> **Data provided**
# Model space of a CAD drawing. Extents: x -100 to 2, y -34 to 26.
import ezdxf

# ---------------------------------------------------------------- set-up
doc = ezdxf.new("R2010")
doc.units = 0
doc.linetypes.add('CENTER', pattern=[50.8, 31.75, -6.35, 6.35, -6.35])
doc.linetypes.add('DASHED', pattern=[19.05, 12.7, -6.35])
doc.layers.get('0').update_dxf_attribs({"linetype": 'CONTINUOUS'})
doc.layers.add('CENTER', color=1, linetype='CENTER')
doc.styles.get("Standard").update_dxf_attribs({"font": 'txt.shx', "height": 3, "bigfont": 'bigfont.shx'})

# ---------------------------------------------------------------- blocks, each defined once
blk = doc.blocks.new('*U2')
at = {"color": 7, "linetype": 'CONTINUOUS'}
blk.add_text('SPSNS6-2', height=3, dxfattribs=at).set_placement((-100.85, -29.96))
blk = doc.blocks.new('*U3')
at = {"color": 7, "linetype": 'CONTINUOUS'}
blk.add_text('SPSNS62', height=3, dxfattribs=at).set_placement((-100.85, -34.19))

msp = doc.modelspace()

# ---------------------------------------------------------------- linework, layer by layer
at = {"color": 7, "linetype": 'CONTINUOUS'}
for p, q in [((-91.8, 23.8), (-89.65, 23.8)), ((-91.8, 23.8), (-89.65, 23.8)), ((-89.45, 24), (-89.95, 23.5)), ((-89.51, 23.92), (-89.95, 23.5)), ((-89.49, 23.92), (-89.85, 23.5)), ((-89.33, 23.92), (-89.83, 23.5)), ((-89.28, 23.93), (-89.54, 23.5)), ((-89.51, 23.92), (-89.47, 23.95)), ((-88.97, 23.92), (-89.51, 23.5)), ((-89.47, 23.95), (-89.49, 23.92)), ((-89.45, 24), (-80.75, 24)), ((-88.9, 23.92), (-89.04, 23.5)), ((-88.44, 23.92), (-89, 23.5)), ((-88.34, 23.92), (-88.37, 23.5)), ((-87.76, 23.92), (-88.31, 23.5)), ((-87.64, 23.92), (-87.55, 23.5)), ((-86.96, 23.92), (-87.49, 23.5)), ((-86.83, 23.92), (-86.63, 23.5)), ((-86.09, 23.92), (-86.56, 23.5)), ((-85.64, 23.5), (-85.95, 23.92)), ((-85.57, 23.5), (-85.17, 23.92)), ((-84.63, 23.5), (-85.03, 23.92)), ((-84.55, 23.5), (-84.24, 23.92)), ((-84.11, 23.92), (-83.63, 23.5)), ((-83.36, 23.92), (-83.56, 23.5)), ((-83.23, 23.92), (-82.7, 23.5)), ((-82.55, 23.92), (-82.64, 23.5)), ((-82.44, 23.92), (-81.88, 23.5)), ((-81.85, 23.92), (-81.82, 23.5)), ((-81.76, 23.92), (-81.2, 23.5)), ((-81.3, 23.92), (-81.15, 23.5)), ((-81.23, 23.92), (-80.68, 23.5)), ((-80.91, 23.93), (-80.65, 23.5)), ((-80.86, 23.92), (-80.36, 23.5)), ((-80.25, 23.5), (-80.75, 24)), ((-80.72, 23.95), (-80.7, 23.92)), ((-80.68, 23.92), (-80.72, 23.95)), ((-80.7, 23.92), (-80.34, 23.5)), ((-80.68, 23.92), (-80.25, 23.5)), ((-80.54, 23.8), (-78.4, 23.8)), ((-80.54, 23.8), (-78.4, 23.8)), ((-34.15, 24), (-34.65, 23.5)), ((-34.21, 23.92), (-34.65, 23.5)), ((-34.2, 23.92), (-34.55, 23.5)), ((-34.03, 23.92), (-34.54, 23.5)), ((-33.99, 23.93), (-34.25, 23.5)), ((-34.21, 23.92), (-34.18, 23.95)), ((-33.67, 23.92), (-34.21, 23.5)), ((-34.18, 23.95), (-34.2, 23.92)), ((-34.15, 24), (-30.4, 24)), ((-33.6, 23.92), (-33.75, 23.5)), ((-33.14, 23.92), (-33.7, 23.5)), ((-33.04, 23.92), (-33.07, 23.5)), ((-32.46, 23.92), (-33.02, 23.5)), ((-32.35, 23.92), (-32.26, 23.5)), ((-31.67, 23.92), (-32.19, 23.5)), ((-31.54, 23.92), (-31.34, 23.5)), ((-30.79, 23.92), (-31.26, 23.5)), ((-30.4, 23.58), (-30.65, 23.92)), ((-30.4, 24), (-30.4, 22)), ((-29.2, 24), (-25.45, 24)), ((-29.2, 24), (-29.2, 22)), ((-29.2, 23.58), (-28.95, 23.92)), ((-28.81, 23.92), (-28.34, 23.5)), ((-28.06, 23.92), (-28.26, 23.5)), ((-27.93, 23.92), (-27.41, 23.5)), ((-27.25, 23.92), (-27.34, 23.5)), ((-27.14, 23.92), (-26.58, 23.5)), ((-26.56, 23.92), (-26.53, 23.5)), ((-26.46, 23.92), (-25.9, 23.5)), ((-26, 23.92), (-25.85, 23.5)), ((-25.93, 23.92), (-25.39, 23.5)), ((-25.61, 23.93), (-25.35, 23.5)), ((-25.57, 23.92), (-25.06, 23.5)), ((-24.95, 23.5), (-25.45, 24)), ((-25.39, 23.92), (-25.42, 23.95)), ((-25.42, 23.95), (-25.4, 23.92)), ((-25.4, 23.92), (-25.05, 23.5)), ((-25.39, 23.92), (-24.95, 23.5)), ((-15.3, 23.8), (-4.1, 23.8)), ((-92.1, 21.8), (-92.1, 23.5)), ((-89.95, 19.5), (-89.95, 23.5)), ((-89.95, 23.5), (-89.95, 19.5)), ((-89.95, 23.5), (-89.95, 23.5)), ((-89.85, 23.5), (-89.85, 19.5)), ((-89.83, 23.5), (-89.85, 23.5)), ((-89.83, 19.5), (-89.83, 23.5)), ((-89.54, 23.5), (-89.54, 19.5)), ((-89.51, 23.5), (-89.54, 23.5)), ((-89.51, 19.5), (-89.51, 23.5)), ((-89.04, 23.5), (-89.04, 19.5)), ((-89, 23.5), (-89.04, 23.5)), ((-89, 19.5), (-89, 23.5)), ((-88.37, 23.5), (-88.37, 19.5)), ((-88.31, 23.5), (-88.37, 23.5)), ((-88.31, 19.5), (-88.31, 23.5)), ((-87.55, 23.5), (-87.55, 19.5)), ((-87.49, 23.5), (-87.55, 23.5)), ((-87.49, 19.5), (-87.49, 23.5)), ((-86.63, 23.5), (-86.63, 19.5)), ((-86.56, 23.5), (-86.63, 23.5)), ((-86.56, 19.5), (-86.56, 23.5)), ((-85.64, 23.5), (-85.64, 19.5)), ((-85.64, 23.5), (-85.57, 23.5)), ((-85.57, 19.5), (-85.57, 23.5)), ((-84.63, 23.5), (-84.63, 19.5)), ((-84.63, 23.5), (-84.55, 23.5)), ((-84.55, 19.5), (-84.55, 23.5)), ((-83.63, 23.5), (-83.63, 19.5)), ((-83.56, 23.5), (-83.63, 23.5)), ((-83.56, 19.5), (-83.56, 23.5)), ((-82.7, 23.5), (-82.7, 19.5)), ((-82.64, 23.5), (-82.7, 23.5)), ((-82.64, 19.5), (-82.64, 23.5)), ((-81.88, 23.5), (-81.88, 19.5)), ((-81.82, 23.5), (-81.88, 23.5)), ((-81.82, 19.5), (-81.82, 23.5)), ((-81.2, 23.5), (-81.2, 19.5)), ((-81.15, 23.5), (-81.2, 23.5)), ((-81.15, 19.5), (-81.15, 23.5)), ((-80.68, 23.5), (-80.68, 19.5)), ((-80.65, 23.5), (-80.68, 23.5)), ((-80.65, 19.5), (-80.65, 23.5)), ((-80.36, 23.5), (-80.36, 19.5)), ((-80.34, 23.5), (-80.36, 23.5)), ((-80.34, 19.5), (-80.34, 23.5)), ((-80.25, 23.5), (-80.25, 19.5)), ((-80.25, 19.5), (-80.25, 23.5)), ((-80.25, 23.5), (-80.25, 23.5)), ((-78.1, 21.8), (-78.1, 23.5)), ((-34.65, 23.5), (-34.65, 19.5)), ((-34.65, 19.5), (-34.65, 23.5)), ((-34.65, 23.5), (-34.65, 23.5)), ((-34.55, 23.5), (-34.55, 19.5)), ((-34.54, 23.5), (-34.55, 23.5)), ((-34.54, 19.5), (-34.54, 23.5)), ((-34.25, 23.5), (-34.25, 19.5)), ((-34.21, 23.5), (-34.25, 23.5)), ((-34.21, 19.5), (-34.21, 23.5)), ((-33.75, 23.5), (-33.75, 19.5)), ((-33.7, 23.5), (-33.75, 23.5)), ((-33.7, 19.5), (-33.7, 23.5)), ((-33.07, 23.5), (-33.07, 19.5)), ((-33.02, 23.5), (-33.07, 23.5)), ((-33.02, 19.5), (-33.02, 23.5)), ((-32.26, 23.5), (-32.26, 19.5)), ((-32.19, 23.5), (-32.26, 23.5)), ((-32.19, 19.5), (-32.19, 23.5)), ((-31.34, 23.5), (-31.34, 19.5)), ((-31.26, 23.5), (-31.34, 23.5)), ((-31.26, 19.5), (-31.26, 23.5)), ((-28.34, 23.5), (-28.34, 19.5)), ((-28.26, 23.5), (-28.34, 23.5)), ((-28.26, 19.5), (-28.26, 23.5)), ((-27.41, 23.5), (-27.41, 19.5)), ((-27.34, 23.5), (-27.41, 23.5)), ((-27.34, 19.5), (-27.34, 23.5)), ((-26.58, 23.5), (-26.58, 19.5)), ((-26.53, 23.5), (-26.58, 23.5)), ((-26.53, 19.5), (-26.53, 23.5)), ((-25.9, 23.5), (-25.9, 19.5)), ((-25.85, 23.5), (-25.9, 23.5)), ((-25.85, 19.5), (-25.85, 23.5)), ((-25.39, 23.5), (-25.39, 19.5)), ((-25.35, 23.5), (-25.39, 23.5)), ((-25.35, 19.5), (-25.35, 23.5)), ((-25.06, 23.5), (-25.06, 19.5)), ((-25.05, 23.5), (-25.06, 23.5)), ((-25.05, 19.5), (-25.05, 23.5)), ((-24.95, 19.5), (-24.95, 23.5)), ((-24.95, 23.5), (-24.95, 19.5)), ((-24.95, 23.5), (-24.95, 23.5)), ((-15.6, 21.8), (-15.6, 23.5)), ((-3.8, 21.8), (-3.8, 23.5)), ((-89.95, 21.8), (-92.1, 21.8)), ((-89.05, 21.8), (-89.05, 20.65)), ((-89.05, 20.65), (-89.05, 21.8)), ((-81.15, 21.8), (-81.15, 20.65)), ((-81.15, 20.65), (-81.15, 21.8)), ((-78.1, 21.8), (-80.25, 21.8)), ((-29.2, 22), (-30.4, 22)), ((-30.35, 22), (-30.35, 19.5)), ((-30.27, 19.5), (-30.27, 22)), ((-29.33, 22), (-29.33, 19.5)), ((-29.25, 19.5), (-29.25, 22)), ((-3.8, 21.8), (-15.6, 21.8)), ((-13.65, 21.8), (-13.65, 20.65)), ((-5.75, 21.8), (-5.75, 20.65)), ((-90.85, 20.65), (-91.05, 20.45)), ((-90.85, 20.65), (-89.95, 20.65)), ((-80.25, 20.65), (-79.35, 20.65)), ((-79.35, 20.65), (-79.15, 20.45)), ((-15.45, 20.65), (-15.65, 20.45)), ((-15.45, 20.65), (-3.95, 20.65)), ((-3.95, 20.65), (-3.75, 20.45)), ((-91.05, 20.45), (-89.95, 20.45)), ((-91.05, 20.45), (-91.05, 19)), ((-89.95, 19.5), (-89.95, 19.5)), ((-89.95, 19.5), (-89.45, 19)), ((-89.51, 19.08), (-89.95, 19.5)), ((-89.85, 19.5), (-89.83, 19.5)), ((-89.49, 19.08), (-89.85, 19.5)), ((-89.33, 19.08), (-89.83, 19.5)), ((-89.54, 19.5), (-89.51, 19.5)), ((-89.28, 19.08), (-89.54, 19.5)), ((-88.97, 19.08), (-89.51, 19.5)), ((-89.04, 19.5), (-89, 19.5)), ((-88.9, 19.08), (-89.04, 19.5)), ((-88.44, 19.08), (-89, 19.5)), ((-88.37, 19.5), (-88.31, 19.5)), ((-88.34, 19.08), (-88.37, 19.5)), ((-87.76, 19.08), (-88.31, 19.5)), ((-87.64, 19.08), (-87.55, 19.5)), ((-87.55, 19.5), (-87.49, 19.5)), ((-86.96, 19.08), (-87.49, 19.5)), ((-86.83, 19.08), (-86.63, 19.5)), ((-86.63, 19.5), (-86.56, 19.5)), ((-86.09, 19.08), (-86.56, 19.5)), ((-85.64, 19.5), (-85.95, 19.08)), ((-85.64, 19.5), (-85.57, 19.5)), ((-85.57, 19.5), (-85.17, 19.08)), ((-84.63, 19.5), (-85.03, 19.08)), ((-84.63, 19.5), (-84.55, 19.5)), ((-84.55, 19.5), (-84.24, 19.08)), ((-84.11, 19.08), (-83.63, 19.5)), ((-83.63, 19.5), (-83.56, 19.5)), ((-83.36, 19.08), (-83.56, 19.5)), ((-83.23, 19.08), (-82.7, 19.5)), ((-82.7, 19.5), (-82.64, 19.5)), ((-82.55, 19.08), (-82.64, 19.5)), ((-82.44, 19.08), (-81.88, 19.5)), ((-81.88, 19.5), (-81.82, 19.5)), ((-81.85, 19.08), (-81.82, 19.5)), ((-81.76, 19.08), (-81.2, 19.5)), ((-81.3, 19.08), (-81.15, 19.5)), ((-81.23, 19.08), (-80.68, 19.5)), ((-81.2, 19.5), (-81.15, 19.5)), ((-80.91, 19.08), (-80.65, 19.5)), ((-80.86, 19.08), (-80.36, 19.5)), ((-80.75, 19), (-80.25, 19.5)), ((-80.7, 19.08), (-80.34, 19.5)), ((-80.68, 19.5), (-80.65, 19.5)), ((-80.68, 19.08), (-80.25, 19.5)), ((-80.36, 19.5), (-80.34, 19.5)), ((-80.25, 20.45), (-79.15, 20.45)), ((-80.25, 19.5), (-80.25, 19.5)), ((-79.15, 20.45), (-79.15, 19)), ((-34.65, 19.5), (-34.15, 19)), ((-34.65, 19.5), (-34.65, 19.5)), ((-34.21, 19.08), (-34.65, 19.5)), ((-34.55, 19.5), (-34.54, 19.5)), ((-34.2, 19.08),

> **Your objective**
Which lines above include the string "layers"? Show them.

> **Answer space**
doc.layers.get('0').update_dxf_attribs({"linetype": 'CONTINUOUS'})
doc.layers.add('CENTER', color=1, linetype='CENTER')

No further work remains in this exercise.